Your objective: Each line of the data below from the one holding "#238=ORIENTED_EDGE('',*,*,#237,.T.);" to the one holding "#256=VECTOR('',#255,1.);", inclusive, is to be reproduced exactly; no other line belongs in the answer.

Saved entries

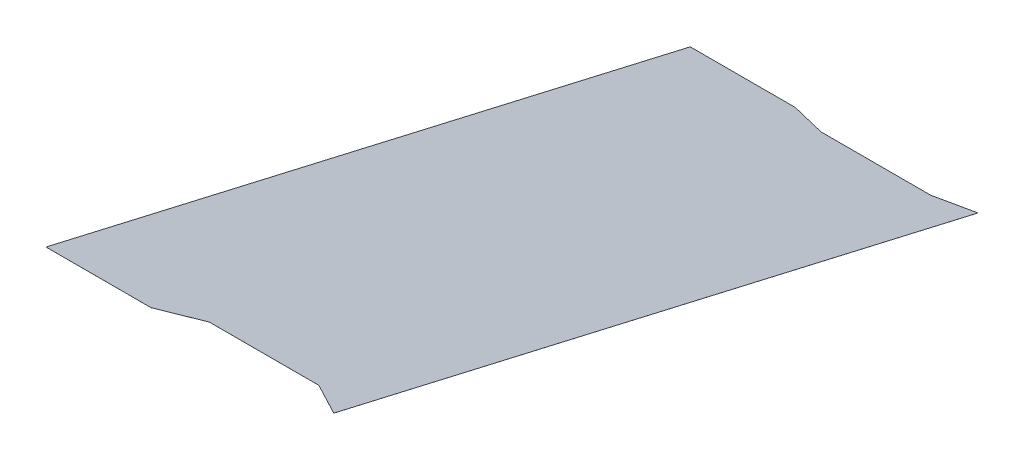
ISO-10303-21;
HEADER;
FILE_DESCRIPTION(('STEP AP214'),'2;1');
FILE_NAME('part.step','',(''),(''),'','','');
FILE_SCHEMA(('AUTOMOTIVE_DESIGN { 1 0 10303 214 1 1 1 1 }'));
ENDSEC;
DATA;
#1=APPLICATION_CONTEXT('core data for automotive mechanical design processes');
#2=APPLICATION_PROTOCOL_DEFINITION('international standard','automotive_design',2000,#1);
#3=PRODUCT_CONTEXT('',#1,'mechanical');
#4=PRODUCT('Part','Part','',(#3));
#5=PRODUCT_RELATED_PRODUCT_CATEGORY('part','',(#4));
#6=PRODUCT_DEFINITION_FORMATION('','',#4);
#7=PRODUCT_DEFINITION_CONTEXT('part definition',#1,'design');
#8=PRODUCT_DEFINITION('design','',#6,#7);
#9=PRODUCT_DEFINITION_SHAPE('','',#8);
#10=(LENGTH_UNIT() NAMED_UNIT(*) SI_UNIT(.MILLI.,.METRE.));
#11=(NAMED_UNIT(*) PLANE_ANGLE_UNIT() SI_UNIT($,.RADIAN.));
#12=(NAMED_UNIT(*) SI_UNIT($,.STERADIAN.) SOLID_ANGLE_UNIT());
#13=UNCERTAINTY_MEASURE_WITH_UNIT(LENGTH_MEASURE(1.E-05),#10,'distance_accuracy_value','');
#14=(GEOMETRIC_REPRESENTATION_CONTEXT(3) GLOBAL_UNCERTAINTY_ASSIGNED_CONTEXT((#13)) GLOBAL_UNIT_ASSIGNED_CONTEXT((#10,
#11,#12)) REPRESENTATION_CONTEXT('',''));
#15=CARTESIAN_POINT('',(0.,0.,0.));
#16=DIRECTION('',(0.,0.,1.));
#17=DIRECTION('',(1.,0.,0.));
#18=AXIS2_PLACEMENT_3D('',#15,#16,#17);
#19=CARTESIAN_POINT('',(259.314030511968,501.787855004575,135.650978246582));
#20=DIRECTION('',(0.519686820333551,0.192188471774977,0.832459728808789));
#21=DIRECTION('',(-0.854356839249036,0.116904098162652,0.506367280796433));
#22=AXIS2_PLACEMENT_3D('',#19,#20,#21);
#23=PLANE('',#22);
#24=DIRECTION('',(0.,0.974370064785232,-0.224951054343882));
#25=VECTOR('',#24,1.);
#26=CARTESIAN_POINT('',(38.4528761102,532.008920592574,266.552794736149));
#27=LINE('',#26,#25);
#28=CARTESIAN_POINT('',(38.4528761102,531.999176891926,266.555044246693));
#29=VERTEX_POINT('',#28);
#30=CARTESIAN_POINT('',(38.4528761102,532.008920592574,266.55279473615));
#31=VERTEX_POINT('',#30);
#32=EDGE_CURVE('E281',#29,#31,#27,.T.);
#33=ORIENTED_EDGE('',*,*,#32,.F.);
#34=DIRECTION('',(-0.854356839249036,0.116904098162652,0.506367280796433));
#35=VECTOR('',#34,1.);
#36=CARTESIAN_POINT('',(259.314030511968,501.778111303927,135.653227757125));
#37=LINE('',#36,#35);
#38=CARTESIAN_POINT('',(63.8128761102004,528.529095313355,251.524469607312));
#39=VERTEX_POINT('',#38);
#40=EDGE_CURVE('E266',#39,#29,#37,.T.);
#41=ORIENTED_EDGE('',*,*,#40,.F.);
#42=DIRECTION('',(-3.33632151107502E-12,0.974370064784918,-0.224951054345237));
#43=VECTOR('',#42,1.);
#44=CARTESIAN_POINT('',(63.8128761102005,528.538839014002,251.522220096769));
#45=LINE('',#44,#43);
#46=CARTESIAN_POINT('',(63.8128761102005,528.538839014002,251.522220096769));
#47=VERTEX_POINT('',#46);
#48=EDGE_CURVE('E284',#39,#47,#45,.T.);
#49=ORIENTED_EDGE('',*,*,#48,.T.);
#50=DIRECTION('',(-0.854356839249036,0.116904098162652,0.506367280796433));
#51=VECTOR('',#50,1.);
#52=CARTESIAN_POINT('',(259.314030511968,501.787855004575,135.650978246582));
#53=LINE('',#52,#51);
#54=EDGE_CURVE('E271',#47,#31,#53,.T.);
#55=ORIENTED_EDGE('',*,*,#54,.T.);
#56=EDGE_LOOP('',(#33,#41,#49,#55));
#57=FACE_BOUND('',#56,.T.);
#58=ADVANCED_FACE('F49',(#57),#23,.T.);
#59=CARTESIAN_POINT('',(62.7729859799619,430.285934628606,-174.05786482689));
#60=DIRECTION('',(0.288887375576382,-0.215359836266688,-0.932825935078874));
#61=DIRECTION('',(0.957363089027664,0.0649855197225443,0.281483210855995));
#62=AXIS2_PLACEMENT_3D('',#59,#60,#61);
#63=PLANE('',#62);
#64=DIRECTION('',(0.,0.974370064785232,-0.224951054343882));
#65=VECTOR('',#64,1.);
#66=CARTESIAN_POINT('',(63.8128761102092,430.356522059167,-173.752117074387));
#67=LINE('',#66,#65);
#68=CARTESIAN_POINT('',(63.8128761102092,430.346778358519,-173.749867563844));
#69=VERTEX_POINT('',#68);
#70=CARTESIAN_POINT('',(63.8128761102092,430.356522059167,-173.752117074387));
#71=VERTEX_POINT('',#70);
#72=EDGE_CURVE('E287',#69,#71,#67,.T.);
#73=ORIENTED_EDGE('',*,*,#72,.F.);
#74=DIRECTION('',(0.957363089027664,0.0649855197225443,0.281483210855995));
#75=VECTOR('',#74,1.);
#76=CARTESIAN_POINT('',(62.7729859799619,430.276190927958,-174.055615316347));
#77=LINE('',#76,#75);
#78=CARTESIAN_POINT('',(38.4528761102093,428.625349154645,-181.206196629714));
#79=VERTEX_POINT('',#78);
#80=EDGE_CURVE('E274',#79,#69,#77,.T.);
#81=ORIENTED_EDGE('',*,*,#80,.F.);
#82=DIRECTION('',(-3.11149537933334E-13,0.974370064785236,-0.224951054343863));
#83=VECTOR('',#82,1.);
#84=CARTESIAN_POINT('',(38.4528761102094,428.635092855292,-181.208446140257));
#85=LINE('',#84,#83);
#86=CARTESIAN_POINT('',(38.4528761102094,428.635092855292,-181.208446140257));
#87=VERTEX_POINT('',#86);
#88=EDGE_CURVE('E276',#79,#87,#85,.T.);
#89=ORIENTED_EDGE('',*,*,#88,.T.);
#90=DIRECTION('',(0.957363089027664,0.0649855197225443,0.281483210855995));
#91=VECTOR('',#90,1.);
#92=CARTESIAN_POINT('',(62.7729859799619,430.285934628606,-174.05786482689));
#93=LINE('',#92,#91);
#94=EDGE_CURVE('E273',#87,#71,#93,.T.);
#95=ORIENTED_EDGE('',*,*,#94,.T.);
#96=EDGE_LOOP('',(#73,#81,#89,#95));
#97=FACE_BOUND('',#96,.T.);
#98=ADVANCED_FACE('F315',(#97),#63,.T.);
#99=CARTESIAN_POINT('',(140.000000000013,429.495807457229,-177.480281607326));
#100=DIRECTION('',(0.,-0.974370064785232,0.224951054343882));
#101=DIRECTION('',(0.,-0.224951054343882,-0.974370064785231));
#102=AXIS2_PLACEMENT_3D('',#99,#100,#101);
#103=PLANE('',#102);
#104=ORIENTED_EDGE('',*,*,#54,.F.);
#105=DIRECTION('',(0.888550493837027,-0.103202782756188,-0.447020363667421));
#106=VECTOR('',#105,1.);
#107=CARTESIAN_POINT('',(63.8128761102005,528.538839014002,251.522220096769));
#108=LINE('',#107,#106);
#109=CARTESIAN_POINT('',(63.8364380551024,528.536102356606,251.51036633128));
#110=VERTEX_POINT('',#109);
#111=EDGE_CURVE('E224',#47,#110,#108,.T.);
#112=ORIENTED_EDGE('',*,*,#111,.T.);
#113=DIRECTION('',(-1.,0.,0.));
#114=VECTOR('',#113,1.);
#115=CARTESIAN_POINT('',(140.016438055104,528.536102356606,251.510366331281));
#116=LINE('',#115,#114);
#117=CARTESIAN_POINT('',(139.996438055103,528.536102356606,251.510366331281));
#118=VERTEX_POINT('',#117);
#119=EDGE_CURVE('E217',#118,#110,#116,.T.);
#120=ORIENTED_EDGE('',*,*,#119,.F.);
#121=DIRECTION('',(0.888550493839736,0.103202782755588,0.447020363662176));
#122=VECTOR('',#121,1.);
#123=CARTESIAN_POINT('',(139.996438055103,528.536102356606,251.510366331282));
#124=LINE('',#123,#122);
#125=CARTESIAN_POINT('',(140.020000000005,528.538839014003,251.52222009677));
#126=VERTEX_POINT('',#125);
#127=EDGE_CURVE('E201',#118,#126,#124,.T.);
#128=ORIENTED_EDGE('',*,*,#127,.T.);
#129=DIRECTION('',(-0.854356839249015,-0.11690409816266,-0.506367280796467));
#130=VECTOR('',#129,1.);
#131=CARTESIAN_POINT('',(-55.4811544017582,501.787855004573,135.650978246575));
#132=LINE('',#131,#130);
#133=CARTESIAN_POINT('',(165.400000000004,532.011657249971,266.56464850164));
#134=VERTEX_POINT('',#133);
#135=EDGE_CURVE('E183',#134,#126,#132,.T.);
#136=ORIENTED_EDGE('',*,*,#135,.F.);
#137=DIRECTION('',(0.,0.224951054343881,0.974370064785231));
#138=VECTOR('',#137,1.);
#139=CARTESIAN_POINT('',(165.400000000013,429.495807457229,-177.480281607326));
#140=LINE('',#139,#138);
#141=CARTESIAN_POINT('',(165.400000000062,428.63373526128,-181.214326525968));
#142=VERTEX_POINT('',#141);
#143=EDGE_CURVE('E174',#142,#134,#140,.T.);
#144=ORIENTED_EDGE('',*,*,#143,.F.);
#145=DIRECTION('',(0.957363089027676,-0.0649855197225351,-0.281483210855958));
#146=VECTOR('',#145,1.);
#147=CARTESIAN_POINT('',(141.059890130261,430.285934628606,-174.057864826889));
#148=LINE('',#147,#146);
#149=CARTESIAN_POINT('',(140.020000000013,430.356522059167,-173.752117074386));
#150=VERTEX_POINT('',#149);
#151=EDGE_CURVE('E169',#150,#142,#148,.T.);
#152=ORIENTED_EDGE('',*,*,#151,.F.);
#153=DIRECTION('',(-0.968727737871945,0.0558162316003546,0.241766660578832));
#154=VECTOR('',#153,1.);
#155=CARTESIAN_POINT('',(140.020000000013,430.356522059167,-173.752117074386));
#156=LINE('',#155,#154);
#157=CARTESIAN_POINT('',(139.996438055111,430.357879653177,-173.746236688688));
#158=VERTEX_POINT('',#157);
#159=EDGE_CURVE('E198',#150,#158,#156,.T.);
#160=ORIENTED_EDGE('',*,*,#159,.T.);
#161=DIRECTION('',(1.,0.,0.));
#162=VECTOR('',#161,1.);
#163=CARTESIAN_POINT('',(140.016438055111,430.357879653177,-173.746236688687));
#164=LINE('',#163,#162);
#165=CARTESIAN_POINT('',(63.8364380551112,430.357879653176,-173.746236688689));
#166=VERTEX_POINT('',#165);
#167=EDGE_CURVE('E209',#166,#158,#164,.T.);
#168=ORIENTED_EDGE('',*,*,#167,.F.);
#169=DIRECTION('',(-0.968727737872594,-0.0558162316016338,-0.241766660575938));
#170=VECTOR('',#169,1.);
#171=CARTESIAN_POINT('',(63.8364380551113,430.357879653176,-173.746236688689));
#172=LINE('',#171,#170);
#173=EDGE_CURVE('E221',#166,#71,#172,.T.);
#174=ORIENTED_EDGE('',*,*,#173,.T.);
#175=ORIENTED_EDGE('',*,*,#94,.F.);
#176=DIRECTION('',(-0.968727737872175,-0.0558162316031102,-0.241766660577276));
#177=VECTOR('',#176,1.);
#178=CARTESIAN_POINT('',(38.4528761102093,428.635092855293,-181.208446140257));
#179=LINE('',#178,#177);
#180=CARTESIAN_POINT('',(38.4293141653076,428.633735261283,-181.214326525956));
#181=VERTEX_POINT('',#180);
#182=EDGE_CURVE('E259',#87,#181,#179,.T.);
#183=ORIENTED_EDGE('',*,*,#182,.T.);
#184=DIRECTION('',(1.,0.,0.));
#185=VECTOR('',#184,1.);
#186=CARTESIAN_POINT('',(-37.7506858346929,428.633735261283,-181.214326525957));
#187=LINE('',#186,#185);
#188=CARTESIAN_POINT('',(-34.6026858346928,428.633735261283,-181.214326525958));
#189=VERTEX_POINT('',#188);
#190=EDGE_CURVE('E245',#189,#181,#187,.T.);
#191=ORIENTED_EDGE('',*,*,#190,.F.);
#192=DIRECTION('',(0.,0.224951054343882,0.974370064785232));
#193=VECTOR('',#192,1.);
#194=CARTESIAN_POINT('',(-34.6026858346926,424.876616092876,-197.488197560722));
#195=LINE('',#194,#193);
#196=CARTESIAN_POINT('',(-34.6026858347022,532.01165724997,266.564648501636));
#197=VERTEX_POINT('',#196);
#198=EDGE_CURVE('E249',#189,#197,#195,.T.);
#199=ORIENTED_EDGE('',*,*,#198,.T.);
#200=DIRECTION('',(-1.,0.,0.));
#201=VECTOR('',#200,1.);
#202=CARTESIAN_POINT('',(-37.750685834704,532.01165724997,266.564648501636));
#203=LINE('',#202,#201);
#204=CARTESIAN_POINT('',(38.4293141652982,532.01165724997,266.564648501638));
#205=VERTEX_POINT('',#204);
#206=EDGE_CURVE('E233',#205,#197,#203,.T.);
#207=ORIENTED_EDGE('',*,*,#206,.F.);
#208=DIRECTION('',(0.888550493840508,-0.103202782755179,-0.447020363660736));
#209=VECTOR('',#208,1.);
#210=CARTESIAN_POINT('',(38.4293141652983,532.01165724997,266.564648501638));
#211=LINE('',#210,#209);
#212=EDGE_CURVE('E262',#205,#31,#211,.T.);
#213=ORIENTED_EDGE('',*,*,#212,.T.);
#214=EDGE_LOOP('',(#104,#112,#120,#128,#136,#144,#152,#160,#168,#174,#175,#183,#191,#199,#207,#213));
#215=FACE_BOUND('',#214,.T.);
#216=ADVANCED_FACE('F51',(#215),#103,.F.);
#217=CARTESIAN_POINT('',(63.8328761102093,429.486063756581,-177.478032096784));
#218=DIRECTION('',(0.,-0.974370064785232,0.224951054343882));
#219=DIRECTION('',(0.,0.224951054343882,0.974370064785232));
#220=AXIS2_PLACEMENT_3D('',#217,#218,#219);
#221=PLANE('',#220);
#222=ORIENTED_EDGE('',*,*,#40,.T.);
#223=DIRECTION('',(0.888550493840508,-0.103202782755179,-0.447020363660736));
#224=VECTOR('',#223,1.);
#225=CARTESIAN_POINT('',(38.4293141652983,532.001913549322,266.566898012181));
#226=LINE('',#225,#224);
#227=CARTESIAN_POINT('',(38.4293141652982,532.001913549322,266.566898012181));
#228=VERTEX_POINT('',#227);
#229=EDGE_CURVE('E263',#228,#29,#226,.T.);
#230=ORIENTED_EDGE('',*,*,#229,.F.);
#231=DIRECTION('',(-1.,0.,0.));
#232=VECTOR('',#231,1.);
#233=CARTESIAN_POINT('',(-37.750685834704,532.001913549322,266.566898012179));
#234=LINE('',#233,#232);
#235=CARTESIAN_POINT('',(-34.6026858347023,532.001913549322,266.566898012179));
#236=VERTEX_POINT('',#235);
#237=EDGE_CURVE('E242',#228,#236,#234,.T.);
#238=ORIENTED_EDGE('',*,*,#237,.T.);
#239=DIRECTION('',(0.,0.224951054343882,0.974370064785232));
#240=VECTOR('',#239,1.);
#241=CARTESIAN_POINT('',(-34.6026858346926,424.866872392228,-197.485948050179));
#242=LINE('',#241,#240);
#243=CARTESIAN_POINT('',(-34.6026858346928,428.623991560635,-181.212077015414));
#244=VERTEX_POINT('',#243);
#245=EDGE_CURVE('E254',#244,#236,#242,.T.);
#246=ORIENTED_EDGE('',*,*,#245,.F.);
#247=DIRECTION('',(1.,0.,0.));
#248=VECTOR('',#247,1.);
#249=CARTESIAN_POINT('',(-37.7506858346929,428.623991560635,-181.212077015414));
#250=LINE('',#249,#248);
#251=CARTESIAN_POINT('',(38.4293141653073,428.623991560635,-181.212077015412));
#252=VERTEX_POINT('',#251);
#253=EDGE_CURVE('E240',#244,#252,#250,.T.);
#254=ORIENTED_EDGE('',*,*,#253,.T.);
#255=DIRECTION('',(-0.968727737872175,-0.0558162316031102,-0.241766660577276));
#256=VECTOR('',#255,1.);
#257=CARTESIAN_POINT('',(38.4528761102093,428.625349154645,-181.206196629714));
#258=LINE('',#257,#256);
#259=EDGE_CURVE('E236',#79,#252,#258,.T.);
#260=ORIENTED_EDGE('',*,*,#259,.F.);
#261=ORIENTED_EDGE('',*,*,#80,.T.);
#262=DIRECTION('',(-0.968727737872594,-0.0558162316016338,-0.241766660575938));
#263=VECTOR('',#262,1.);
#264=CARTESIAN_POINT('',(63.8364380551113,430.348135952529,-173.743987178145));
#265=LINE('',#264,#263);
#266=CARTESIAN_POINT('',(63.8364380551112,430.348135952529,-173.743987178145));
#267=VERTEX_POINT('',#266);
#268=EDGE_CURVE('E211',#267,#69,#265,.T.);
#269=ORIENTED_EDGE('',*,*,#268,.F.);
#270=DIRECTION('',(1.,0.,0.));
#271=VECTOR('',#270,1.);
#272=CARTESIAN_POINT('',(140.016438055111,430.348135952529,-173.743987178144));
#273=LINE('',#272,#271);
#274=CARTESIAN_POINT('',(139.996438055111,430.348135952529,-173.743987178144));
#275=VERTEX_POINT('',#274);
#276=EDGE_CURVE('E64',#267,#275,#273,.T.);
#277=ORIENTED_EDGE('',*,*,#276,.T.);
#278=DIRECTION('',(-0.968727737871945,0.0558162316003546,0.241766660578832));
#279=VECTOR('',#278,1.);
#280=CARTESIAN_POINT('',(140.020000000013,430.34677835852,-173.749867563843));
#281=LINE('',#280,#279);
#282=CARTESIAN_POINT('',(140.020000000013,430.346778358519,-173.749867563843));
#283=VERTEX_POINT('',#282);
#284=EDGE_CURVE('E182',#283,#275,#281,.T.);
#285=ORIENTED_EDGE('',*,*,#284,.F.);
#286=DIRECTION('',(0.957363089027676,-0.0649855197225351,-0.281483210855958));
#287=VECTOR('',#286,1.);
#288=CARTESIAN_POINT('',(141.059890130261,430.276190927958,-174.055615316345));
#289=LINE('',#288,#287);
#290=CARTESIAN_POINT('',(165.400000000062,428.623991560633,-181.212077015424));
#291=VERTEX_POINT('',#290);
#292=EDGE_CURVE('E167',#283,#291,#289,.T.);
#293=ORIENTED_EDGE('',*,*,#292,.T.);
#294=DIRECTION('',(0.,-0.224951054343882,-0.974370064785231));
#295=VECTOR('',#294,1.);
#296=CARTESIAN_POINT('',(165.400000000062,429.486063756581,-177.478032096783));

Answer below:
#238=ORIENTED_EDGE('',*,*,#237,.T.);
#239=DIRECTION('',(0.,0.224951054343882,0.974370064785232));
#240=VECTOR('',#239,1.);
#241=CARTESIAN_POINT('',(-34.6026858346926,424.866872392228,-197.485948050179));
#242=LINE('',#241,#240);
#243=CARTESIAN_POINT('',(-34.6026858346928,428.623991560635,-181.212077015414));
#244=VERTEX_POINT('',#243);
#245=EDGE_CURVE('E254',#244,#236,#242,.T.);
#246=ORIENTED_EDGE('',*,*,#245,.F.);
#247=DIRECTION('',(1.,0.,0.));
#248=VECTOR('',#247,1.);
#249=CARTESIAN_POINT('',(-37.7506858346929,428.623991560635,-181.212077015414));
#250=LINE('',#249,#248);
#251=CARTESIAN_POINT('',(38.4293141653073,428.623991560635,-181.212077015412));
#252=VERTEX_POINT('',#251);
#253=EDGE_CURVE('E240',#244,#252,#250,.T.);
#254=ORIENTED_EDGE('',*,*,#253,.T.);
#255=DIRECTION('',(-0.968727737872175,-0.0558162316031102,-0.241766660577276));
#256=VECTOR('',#255,1.);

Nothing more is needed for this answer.